Data entries
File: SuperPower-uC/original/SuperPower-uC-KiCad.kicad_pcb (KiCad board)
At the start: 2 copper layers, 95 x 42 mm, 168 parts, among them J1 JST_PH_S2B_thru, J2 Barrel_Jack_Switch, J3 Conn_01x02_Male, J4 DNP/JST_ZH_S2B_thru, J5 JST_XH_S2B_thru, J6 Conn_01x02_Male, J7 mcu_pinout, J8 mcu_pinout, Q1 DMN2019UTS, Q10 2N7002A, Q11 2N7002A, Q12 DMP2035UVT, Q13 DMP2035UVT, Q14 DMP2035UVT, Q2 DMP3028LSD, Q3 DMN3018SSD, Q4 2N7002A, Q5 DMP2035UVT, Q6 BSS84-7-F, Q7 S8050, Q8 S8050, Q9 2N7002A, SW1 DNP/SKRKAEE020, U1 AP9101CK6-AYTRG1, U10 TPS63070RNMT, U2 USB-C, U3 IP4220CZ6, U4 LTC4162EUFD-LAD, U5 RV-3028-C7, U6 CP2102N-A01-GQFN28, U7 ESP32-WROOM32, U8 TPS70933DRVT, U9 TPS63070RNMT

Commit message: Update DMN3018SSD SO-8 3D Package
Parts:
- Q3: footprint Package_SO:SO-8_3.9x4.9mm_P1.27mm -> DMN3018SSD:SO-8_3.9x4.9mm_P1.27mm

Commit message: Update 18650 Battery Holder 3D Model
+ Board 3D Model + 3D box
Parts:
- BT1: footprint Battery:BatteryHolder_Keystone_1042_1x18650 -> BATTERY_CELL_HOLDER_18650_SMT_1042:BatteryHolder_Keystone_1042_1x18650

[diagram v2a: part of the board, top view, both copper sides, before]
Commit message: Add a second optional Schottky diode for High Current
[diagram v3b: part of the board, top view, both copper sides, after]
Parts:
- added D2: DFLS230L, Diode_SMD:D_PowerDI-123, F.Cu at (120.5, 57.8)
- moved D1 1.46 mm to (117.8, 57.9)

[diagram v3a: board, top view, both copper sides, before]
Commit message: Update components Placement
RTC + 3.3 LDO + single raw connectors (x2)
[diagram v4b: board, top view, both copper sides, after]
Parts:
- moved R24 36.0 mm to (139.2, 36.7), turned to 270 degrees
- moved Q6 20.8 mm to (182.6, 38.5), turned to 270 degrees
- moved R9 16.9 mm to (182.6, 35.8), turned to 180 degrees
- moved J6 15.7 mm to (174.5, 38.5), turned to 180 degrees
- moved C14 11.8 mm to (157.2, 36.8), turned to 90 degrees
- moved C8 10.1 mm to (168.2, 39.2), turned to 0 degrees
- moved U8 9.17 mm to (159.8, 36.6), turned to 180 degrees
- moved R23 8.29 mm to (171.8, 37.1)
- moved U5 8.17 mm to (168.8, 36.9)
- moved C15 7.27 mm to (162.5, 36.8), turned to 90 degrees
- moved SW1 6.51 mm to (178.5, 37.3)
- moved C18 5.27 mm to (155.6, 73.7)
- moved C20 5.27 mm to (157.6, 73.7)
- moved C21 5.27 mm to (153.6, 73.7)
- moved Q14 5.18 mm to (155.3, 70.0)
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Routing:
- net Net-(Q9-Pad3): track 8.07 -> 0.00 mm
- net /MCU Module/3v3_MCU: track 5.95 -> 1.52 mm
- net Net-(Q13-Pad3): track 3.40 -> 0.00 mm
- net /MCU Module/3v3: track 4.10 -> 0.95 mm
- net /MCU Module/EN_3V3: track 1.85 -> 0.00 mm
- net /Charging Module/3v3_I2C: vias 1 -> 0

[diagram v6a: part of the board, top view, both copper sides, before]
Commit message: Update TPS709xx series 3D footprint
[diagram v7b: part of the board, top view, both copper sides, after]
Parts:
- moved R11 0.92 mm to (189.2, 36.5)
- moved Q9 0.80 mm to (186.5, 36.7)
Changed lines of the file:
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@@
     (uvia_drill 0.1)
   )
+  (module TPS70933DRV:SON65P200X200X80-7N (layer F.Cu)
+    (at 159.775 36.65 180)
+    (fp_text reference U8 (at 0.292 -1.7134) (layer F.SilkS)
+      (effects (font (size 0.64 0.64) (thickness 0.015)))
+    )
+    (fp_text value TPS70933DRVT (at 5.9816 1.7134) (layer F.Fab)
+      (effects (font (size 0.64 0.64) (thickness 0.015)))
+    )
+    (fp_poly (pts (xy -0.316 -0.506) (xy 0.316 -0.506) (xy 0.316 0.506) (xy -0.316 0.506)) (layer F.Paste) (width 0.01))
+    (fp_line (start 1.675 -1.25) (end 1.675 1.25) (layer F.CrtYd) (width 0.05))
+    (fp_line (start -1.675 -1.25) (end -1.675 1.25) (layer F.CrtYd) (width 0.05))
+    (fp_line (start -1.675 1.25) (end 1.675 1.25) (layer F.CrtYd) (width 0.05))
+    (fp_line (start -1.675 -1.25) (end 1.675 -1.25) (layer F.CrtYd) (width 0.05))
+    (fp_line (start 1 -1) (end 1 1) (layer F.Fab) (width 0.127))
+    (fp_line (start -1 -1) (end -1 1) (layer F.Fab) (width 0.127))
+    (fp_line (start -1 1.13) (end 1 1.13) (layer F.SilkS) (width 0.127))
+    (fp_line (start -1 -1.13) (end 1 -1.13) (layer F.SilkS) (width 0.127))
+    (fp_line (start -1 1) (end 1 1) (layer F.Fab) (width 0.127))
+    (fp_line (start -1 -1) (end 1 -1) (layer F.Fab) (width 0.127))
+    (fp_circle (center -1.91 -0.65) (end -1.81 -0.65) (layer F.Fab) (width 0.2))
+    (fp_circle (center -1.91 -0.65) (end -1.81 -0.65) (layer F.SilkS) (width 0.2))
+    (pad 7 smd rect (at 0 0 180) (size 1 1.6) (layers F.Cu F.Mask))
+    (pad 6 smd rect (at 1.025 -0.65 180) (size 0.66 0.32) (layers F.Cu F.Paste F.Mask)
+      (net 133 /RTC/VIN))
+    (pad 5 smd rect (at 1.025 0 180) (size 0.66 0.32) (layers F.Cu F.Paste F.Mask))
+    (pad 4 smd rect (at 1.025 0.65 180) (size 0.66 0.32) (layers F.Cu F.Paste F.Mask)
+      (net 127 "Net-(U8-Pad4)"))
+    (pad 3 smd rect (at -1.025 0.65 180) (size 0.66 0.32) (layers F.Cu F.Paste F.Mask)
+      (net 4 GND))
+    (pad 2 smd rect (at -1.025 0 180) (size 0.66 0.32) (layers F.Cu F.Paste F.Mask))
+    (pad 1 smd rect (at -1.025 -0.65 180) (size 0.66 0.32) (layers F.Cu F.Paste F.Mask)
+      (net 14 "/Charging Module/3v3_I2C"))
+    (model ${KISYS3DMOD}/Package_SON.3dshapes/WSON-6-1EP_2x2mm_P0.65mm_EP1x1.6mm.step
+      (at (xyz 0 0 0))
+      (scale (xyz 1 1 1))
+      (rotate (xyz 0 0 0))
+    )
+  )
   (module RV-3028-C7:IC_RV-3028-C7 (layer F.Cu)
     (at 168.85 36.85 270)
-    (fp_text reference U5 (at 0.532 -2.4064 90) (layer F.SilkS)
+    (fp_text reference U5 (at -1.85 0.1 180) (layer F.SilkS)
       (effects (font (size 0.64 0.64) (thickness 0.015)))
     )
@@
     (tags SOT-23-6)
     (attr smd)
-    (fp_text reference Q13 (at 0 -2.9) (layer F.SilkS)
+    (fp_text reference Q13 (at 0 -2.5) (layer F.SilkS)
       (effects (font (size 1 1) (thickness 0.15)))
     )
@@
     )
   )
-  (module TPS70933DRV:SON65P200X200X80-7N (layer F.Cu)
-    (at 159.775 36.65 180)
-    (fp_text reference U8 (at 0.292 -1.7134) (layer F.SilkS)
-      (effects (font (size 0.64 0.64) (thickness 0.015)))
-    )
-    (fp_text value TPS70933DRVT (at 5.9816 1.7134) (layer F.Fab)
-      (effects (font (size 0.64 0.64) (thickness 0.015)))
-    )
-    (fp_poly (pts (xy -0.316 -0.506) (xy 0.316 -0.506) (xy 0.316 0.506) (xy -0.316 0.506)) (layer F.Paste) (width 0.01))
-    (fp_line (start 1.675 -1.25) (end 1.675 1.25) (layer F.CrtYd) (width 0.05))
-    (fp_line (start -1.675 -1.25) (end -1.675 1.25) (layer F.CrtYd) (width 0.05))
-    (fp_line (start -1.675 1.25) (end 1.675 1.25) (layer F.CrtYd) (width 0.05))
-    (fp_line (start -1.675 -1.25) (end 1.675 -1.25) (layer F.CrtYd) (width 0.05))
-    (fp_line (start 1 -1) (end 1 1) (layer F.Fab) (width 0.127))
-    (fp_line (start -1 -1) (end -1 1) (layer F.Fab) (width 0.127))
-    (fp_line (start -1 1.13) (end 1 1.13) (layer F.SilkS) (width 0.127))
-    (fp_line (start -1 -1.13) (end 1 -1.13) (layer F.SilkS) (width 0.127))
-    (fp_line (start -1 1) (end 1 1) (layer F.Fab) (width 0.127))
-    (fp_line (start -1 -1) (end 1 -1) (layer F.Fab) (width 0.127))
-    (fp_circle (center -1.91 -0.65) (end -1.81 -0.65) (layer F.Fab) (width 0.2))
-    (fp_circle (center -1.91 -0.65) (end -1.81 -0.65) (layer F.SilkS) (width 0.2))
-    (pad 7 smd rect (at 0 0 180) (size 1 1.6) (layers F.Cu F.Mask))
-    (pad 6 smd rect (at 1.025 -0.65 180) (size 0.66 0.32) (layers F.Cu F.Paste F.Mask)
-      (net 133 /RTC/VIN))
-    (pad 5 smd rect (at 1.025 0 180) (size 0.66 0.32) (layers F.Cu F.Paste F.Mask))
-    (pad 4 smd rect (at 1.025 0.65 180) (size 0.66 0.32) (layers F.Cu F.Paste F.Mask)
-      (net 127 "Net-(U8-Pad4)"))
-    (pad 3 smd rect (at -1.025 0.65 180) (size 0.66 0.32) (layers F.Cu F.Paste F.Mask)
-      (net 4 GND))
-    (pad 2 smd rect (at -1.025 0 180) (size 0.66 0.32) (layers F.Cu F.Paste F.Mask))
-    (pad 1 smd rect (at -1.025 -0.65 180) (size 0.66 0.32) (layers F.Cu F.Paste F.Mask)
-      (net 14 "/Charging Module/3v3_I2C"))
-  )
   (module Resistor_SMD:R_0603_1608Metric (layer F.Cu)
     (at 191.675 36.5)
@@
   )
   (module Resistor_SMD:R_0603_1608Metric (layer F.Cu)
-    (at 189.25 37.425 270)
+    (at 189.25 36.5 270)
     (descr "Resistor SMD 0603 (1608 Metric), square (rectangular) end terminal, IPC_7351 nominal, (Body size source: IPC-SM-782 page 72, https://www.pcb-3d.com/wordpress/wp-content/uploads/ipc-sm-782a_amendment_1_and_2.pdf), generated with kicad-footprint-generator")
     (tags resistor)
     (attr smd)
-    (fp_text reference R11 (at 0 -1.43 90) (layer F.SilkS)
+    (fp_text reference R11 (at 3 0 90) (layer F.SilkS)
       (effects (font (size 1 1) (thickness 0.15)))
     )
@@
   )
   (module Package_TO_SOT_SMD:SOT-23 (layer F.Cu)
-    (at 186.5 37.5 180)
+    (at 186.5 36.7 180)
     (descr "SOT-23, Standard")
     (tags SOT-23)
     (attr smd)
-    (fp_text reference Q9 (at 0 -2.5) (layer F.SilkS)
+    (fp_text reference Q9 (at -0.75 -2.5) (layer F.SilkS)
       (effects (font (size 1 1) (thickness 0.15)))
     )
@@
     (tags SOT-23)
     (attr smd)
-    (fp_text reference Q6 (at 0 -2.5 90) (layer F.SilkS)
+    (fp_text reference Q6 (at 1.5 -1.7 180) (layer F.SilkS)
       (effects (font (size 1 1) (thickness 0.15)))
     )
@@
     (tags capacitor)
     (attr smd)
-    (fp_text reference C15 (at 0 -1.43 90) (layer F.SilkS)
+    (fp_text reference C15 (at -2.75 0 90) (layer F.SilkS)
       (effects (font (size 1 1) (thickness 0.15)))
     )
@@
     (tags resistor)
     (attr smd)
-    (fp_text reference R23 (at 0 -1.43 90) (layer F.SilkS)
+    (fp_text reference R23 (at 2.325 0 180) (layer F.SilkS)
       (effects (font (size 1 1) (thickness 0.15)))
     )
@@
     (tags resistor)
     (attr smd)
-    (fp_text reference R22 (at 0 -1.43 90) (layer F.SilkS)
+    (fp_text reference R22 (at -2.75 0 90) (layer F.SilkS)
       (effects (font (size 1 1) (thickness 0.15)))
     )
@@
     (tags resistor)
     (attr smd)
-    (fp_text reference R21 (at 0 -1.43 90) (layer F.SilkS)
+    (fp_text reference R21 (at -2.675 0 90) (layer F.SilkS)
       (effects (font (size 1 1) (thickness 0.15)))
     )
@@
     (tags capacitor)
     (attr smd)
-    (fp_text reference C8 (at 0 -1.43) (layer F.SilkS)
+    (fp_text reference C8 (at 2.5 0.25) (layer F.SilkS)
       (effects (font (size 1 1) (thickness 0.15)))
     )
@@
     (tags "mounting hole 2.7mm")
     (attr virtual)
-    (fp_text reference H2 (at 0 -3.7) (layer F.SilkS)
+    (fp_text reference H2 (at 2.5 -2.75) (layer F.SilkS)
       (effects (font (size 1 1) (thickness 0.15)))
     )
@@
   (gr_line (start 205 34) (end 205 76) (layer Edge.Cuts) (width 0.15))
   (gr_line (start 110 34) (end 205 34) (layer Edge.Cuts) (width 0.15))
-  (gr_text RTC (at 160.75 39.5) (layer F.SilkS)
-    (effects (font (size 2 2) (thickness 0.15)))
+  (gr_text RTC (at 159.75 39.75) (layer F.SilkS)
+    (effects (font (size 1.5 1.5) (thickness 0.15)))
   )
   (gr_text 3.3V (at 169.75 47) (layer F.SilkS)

> _YOUR GOAL_: Where a line above contains the word "before", copy that line.

> _YOUR RESPONSE_:
[diagram v2a: part of the board, top view, both copper sides, before]
[diagram v3a: board, top view, both copper sides, before]
[diagram v6a: part of the board, top view, both copper sides, before]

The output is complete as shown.